Work item:
Starting with the first line below, extract each line through the one that contains "doc.layers.add(name, color=color, linetype=linetype)", inclusive, excluding pictures.

Excerpted records:

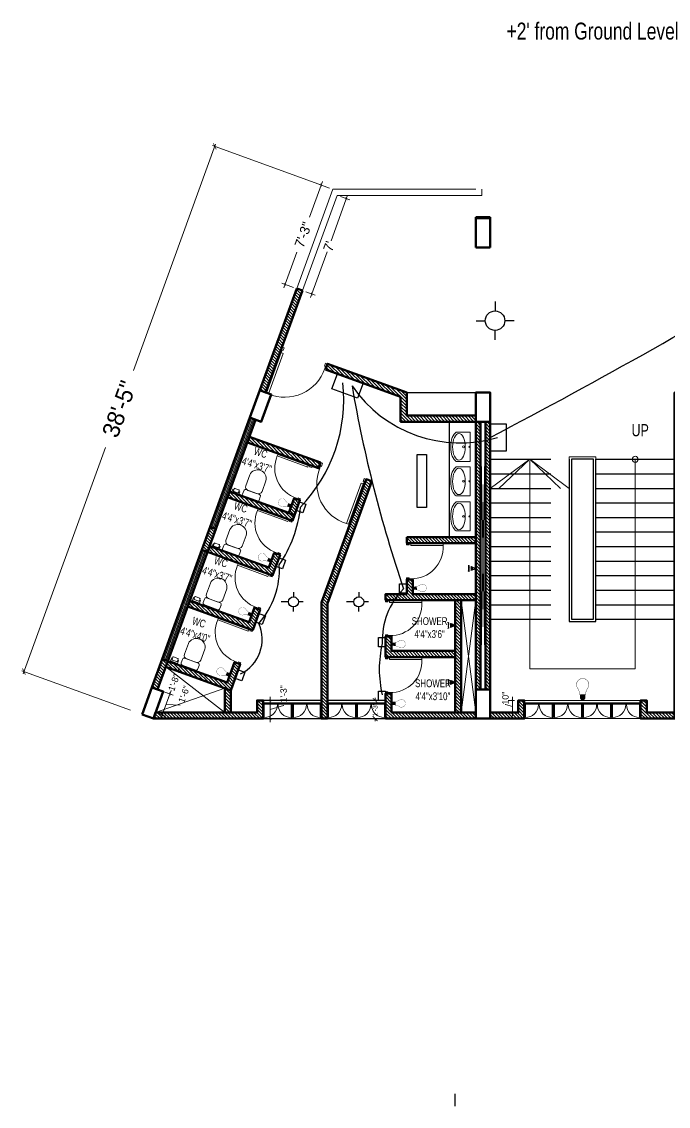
# Model space of a CAD drawing. Extents: x 9 to 3908, y 55 to 2108.
# Drawn here: x 9 to 543, y 55 to 950 of the extents above; entities that cross this region are included whole.
import ezdxf

# ---------------------------------------------------------------- set-up
doc = ezdxf.new("R2010")
doc.units = 0
doc.header["$LTSCALE"] = 10
doc.linetypes.add('DASHED2', pattern=[0.375, 0.25, -0.125])
for name, color, linetype, lineweight in [('A-TEXT', 7, 'Continuous', 5), ('ar-DOOR-WOOD', 44, 'Continuous', 0), ('column', 1, 'Continuous', 50), ('Dimension', 18, 'Continuous', 9), ('illustr-TOILET FIXTURE', 171, 'Continuous', 0), ('Main Wall', 250, 'Continuous', 13), ('window', 160, 'Continuous', 9)]:
    doc.layers.add(name, color=color, linetype=linetype, lineweight=lineweight)
for name, color, linetype in [('BOX', 7, 'Continuous'), ('conduit', 160, 'Continuous'), ('e conduit sdb to swicth', 160, 'Continuous'), ('Electrical Installation', 50, 'Continuous'), ('plug ins', 7, 'Continuous')]:
    doc.layers.add(name, color=color, linetype=linetype)
doc.layers.add('hatch brick', color=32, linetype='Continuous', lineweight=0, transparency=0.4)
doc.styles.add('SIMPLE', font='romantic.ttf')
doc.dimstyles.new('Architectural', dxfattribs={"dimtxt": 14, "dimasz": 4, "dimexe": 2, "dimexo": 10, "dimgap": 0.09, "dimtad": 0, "dimdec": 0, "dimzin": 0, "dimdsep": 46, "dimlunit": 4, "dimtxsty": 'Standard', "dimblk": 'ARCHTICK', "dimcen": 0.09, "dimdle": 2, "dimclrd": 256, "dimclre": 256, "dimclrt": 256, "dimadec": 0, "dimazin": 0, "dimtfac": 1, "dimtdec": 0, "dimtofl": 0, "dimtmove": 1, "dimatfit": 2, "dimfxl": 12, "dimtolj": 1, "dimtzin": 0, "dimlwd": -1, "dimlwe": -1, "dimarcsym": 0})
doc.dimstyles.new('Architectural small', dxfattribs={"dimtxt": 8, "dimasz": 2, "dimexe": 3, "dimexo": 3, "dimgap": 0.09, "dimtad": 0, "dimdec": 0, "dimzin": 0, "dimdsep": 46, "dimlunit": 4, "dimtxsty": 'Standard', "dimblk": 'ARCHTICK', "dimcen": 0.09, "dimdle": 3, "dimclrd": 6, "dimclre": 6, "dimclrt": 5, "dimadec": 0, "dimazin": 0, "dimtfac": 1, "dimtdec": 0, "dimtofl": 0, "dimtmove": 1, "dimatfit": 2, "dimfxl": 12, "dimtolj": 1, "dimtzin": 0, "dimlwd": 18, "dimlwe": 18, "dimarcsym": 0})
pattern_1 = [(45, (0, 0), (-1.325825, 1.325825), [])]

# ---------------------------------------------------------------- blocks, each defined once
blk = doc.blocks.new('_ArchTick')
at = {"color": 0, "linetype": 'ByBlock', "const_width": 0.15}
blk.add_lwpolyline([(-0.5, -0.5), (0.5, 0.5)], dxfattribs=at)
blk = doc.blocks.new('*D43')
at = {"layer": 'Defpoints', "color": 0, "transparency": 16777216}
for p in [(266.11, 811.77), (11.27, 413.76), (108.69, 378.37)]:
    blk.add_point(p, dxfattribs=at)
at = {"layer": 'Dimension', "transparency": 16777216}
for p, q in [((169.38, 849.03), (101.57, 662.34)), ((256.71, 815.18), (166.82, 847.83)), ((10.59, 411.88), (78.4, 598.57)), ((99.29, 381.79), (9.39, 414.44))]:
    blk.add_line(p, q, dxfattribs=at)
at = {"layer": 'Dimension', "transparency": 16777216, "xscale": 4, "yscale": 4, "zscale": 4}
for p, rotation in [((168.7, 847.15), 70.0371155130217), ((11.27, 413.76), 250.0371155130217)]:
    blk.add_blockref('_ArchTick', p, dxfattribs=dict(at, rotation=rotation))
at = {"layer": 'Dimension', "transparency": 16777216, "insert": (89.99, 630.45), "char_height": 14, "attachment_point": 5, "rotation": 70.03712}
blk.add_mtext('\\A1;38\'-5"', dxfattribs=at)
blk = doc.blocks.new('*D45')
at = {"layer": 'Defpoints', "color": 0, "transparency": 16777216}
for p in [(269.62, 806.77), (277.23, 804), (241.05, 728.12)]:
    blk.add_point(p, dxfattribs=at)
at = {"layer": 'Dimension', "color": 6, "lineweight": 18, "transparency": 16777216}
for p, q in [((278.25, 806.82), (264.57, 769.15)), ((272.43, 805.74), (280.05, 802.98)), ((247.64, 722.53), (261.32, 760.21)), ((243.87, 727.1), (251.49, 724.33))]:
    blk.add_line(p, q, dxfattribs=at)
at = {"layer": 'Dimension', "color": 6, "lineweight": 18, "transparency": 16777216, "xscale": 2, "yscale": 2, "zscale": 2}
for p, rotation in [((277.23, 804), 70.03895655917337), ((248.67, 725.35), 250.0389565591734)]:
    blk.add_blockref('_ArchTick', p, dxfattribs=dict(at, rotation=rotation))
at = {"layer": 'Dimension', "color": 5, "transparency": 16777216, "insert": (262.95, 764.68), "char_height": 8, "attachment_point": 5, "rotation": 70.03896}
blk.add_mtext("\\A1;7'", dxfattribs=at)
blk = doc.blocks.new('*D47')
at = {"layer": 'Defpoints', "color": 0, "transparency": 16777216}
for p in [(266.11, 811.77), (226.8, 733.29), (236.38, 729.82)]:
    blk.add_point(p, dxfattribs=at)
at = {"layer": 'Dimension', "color": 6, "lineweight": 18, "transparency": 16777216}
for p, q in [((257.55, 818.06), (246.92, 788.77)), ((263.29, 812.79), (253.71, 816.27)), ((225.77, 730.47), (236.4, 759.77)), ((233.56, 730.84), (223.98, 734.32))]:
    blk.add_line(p, q, dxfattribs=at)
at = {"layer": 'Dimension', "color": 6, "lineweight": 18, "transparency": 16777216, "xscale": 2, "yscale": 2, "zscale": 2}
for p, rotation in [((256.53, 815.24), 70.0587109803053), ((226.8, 733.29), 250.0587109803053)]:
    blk.add_blockref('_ArchTick', p, dxfattribs=dict(at, rotation=rotation))
at = {"layer": 'Dimension', "color": 5, "transparency": 16777216, "insert": (241.66, 774.27), "char_height": 8, "attachment_point": 5, "rotation": 70.05871}
blk.add_mtext('\\A1;7\'-3"', dxfattribs=at)
blk = doc.blocks.new('*D48')
at = {"layer": 'Defpoints', "color": 0, "transparency": 16777216}
for p in [(419.01, 389.96), (414.26, 379.96), (419.01, 379.96)]:
    blk.add_point(p, dxfattribs=at)
at = {"layer": 'Dimension', "color": 6, "lineweight": 18, "transparency": 16777216}
for p, q in [((408.46, 386.7), (408.46, 386.88)), ((414.26, 384.96), (408.46, 386.7)), ((416.01, 389.96), (411.26, 389.96)), ((414.26, 392.96), (414.26, 376.96)), ((416.01, 379.96), (411.26, 379.96))]:
    blk.add_line(p, q, dxfattribs=at)
for p, rotation in [((414.26, 389.96), 90), ((414.26, 379.96), 270)]:
    blk.add_blockref('_ArchTick', p, dxfattribs=dict(at, rotation=rotation))
at = {"layer": 'Dimension', "color": 5, "transparency": 16777216, "insert": (408.46, 391.85), "char_height": 8, "attachment_point": 5, "rotation": 90}
blk.add_mtext('\\A1;{\\H0.66667x;10"}', dxfattribs=at)
blk = doc.blocks.new('*D49')
at = {"layer": 'Defpoints', "color": 0, "transparency": 16777216}
for p in [(126.2, 397.28), (131.62, 395.31), (119.91, 379.96)]:
    blk.add_point(p, dxfattribs=at)
at = {"layer": 'Dimension', "color": 6, "lineweight": 18, "transparency": 16777216}
for p, q in [((124.31, 375.17), (132.65, 398.13)), ((129.02, 396.26), (134.44, 394.29)), ((128.48, 386.65), (140.08, 385.99)), ((140.08, 385.99), (140.14, 386.16)), ((122.73, 378.93), (128.15, 376.96))]:
    blk.add_line(p, q, dxfattribs=at)
at = {"layer": 'Dimension', "color": 6, "lineweight": 18, "transparency": 16777216, "xscale": 2, "yscale": 2, "zscale": 2}
for p, rotation in [((131.62, 395.31), 70.03895655909592), ((125.33, 377.99), 250.0389565590959)]:
    blk.add_blockref('_ArchTick', p, dxfattribs=dict(at, rotation=rotation))
at = {"layer": 'Dimension', "color": 5, "transparency": 16777216, "insert": (143.36, 395.02), "char_height": 8, "attachment_point": 5, "rotation": 70.03896}
blk.add_mtext('\\A1;{\\H0.66667x;1\'-6"}', dxfattribs=at)
blk = doc.blocks.new('*D50')
at = {"layer": 'Defpoints', "color": 0, "transparency": 16777216}
for p in [(128.3, 417.66), (138.42, 413.98), (121.5, 398.99)]:
    blk.add_point(p, dxfattribs=at)
at = {"layer": 'Dimension', "color": 6, "lineweight": 18, "transparency": 16777216}
for p, q in [((131.12, 416.64), (141.24, 412.95)), ((139.44, 416.8), (138.24, 413.5)), ((124.32, 397.97), (134.44, 394.28)), ((130.59, 392.49), (131.8, 395.79))]:
    blk.add_line(p, q, dxfattribs=at)
at = {"layer": 'Dimension', "color": 6, "lineweight": 18, "transparency": 16777216, "xscale": 2, "yscale": 2, "zscale": 2}
for p, rotation in [((138.42, 413.98), 70.00234317512712), ((131.62, 395.31), 250.0023431751271)]:
    blk.add_blockref('_ArchTick', p, dxfattribs=dict(at, rotation=rotation))
at = {"layer": 'Dimension', "color": 5, "transparency": 16777216, "insert": (135.02, 404.64), "char_height": 8, "attachment_point": 5, "rotation": 70.00234}
blk.add_mtext('\\A1;{\\H0.66667x;1\'-8"}', dxfattribs=at)
blk = doc.blocks.new('DOOR_45')
at = {"layer": 'ar-DOOR-WOOD'}
for p, q in [((-10968.7, 15427.4), (-10963.7, 15427.4)), ((-10968.7, 15427.4), (-10968.7, 15426.4)), ((-10963.7, 15427.4), (-10963.7, 15425.4)), ((-11008.7, 15426.4), (-11008.7, 15424.4)), ((-10968.7, 15426.4), (-11008.7, 15426.4)), ((-11008.7, 15424.4), (-10968.7, 15424.4)), ((-10968.7, 15424.4), (-10968.7, 15426.4)), ((-10968.7, 15426.4), (-10966.7, 15426.4)), ((-10966.7, 15426.4), (-10966.7, 15425.4)), ((-10966.7, 15425.4), (-10963.7, 15425.4)), ((-10968.7, 15382.4), (-10968.7, 15383.4)), ((-10968.7, 15383.4), (-10966.7, 15383.4)), ((-10968.7, 15382.4), (-10963.7, 15382.4)), ((-10966.7, 15384.4), (-10963.7, 15384.4)), ((-10966.7, 15383.4), (-10966.7, 15384.4)), ((-10963.7, 15382.4), (-10963.7, 15384.4))]:
    blk.add_line(p, q, dxfattribs=at)
for points in [[(-10963.7, 15427.4), (-10968.7, 15427.4), (-10968.7, 15426.4), (-10966.7, 15426.4), (-10966.7, 15425.4), (-10963.7, 15425.4)], [(-10968.7, 15426.4), (-11008.7, 15426.4), (-11008.7, 15424.4), (-10968.7, 15424.4)], [(-10968.7, 15383.4), (-10968.7, 15382.4), (-10963.7, 15382.4), (-10963.7, 15384.4), (-10966.7, 15384.4), (-10966.7, 15383.4)]]:
    blk.add_lwpolyline(points, close=True, dxfattribs=at)
blk.add_arc((-10969.9, 15422.3), 38.9, 176.9083, 271.677, dxfattribs=at)
blk = doc.blocks.new('T-FIX-027')
at = {"layer": 'illustr-TOILET FIXTURE'}
for p, q in [((-11843.84, 14568.89), (-11843.84, 14557.43)), ((-11843.84, 14568.89), (-11843.84, 14557.43)), ((-11843.84, 14568.89), (-11819.84, 14568.89)), ((-11843.84, 14568.89), (-11819.84, 14568.89)), ((-11819.84, 14568.89), (-11819.84, 14557.43)), ((-11819.84, 14568.89), (-11819.84, 14557.43))]:
    blk.add_line(p, q, dxfattribs=at)
for centre, radius in [((-11831.91, 14563.34), 0.762), ((-11831.91, 14563.34), 0.762), ((-11831.91, 14568.32), 0.508), ((-11831.91, 14568.32), 0.508)]:
    blk.add_circle(centre, radius, dxfattribs=at)
blk.add_ellipse((-11831.84, 14559.64), major_axis=(-10.93, 0), ratio=0.480383, dxfattribs=at)
blk.add_ellipse((-11831.84, 14559.64), major_axis=(-10.93, 0), ratio=0.480383, dxfattribs=at)
blk.add_ellipse((-11831.84, 14558.89), major_axis=(-12.37, 0), ratio=0.48498, start_param=6.528919, end_param=9.179045, dxfattribs=at)
blk.add_ellipse((-11831.84, 14558.89), major_axis=(-12.37, 0), ratio=0.48498, start_param=6.528919, end_param=9.179045, dxfattribs=at)
blk = doc.blocks.new('stair final')
blk.add_lwpolyline([(-5, 126), (17, 126), (17, -10), (-5, -10)], close=True)
for points in [[(82, 124), (82, -90), (-70, -90), (-70, 124)], [(-37.5, 124), (-37.5, -49), (49.5, -49), (49.5, 122.75)], [(17, 100), (49.5, 124), (82, 100)], [(24.2, 100), (49.5, 124)], [(49.5, 124), (75, 100)], [(82, -8), (82, -90)]]:
    blk.add_lwpolyline(points)
blk.add_circle((-37.5, 124), 2.49)
at = {"layer": 'BOX', "ltscale": 2000}
for p, q in [((-5, 124), (-70, 124)), ((-5, 112), (-70, 112)), ((-5, 100), (-70, 100)), ((-5, 88), (-70, 88)), ((-5, 76), (-70, 76)), ((-5, 64), (-70, 64)), ((-5, 52), (-70, 52)), ((-5, 40), (-70, 40)), ((-5, 28), (-70, 28)), ((-5, 16), (-70, 16)), ((-5, 4), (-70, 4)), ((-5, -8), (-70, -8)), ((0, -8), (-3, -8)), ((15, -8), (12, -8))]:
    blk.add_line(p, q, dxfattribs=at)
at = {"layer": 'BOX', "linetype": 'DASHED2', "ltscale": 20}
for p, q in [((82, 124), (17, 124)), ((82, 112), (17, 112)), ((82, 100), (17, 100)), ((82, 88), (17, 88)), ((82, 76), (17, 76)), ((82, 64), (17, 64)), ((82, 52), (17, 52)), ((82, 40), (17, 40)), ((82, 28), (17, 28)), ((82, 16), (17, 16)), ((82, 4), (17, 4)), ((82, -8), (17, -8))]:
    blk.add_line(p, q, dxfattribs=at)
at = {"layer": 'BOX', "ltscale": 2000}
for points in [[(17, 124), (17, -10), (-5, -10), (-5, 124)], [(-3, 124), (15, 124)]]:
    blk.add_lwpolyline(points, dxfattribs=at)
blk.add_lwpolyline([(15, 124), (15, -8), (-3, -8), (-3, 124)], close=True, dxfattribs=at)
blk = doc.blocks.new('wc')
at = {"linetype": 'Continuous'}
for p, q in [((17795.02, 10409.39), (17795.02, 10412.39)), ((17796.16, 10413.89), (17808.33, 10413.89)), ((17809.55, 10412.39), (17809.55, 10409.39)), ((17795.14, 10404.89), (17795.14, 10395.33)), ((17808.24, 10407.89), (17796.16, 10407.89)), ((17806.43, 10407.89), (17798.79, 10407.89)), ((17809.43, 10395.33), (17809.43, 10404.89)), ((17802.29, 10388.83), (17802.29, 10388.83))]:
    blk.add_line(p, q, dxfattribs=at)
for centre, radius, start, end in [((17796.22, 10412.67), 1.22, 92.83897, 193.07634), ((17808.28, 10412.6), 1.29, 350.39369, 88.03756), ((17796.22, 10409.11), 1.22, 166.9235, 267.16099), ((17798.7, 10404.28), 3.61, 88.6213, 170.30773), ((17806.43, 10404.89), 3, 0, 90), ((17808.21, 10409.24), 1.35, 271.20657, 6.26872), ((17802.2, 10395.91), 7.08, 184.67051, 270.73332), ((17802.38, 10395.91), 7.08, 269.26668, 355.32952)]:
    blk.add_arc(centre, radius, start, end, dxfattribs=at)
blk = doc.blocks.new('nap')
at = {"linetype": 'Continuous'}
for p, q in [((17810.88, 10410.98), (17810.88, 10413.6)), ((17810.88, 10413.6), (17817, 10413.6)), ((17811.65, 10410.98), (17810.88, 10410.98)), ((17811.65, 10410.19), (17811.65, 10411.93)), ((17812.15, 10412.43), (17815.76, 10412.43)), ((17816.26, 10411.93), (17816.26, 10410.19)), ((17817, 10410.98), (17816.26, 10410.98)), ((17817, 10413.6), (17817, 10410.98)), ((17815.76, 10409.69), (17812.15, 10409.69))]:
    blk.add_line(p, q, dxfattribs=at)
for centre, start, end in [((17812.15, 10411.93), 90, 180), ((17812.15, 10410.19), 180, 270), ((17815.76, 10411.93), 0, 90), ((17815.76, 10410.19), 270, 0)]:
    blk.add_arc(centre, 0.5, start, end, dxfattribs=at)
blk = doc.blocks.new('toilet stair block final')
h = blk.add_hatch()
h.set_pattern_fill('ANSI31', color=256, scale=15)
h.set_pattern_definition([(45, (1.7069, -4.6996), (-1.325825, 1.325825), [])])
h.paths.add_polyline_path([(145.14, -46.57), (150.14, -44.75), (150.14, -64.82), (145.14, -64.82)])
at = {"layer": 'hatch brick'}
h = blk.add_hatch(dxfattribs=at)
h.set_pattern_fill('ANSI31', color=256, scale=15)
h.set_pattern_definition(pattern_1)
h.paths.add_polyline_path([(85.96, 283.35), (116.45, 199.41), (121.15, 201.12), (90.63, 285.05)])
h = blk.add_hatch(dxfattribs=at)
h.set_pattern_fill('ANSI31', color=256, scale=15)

Output of the task:
# Model space of a CAD drawing. Extents: x 9 to 3908, y 55 to 2108.
# Drawn here: x 9 to 543, y 55 to 950 of the extents above; entities that cross this region are included whole.
import ezdxf

# ---------------------------------------------------------------- set-up
doc = ezdxf.new("R2010")
doc.units = 0
doc.header["$LTSCALE"] = 10
doc.linetypes.add('DASHED2', pattern=[0.375, 0.25, -0.125])
for name, color, linetype, lineweight in [('A-TEXT', 7, 'Continuous', 5), ('ar-DOOR-WOOD', 44, 'Continuous', 0), ('column', 1, 'Continuous', 50), ('Dimension', 18, 'Continuous', 9), ('illustr-TOILET FIXTURE', 171, 'Continuous', 0), ('Main Wall', 250, 'Continuous', 13), ('window', 160, 'Continuous', 9)]:
    doc.layers.add(name, color=color, linetype=linetype, lineweight=lineweight)
for name, color, linetype in [('BOX', 7, 'Continuous'), ('conduit', 160, 'Continuous'), ('e conduit sdb to swicth', 160, 'Continuous'), ('Electrical Installation', 50, 'Continuous'), ('plug ins', 7, 'Continuous')]:
    doc.layers.add(name, color=color, linetype=linetype)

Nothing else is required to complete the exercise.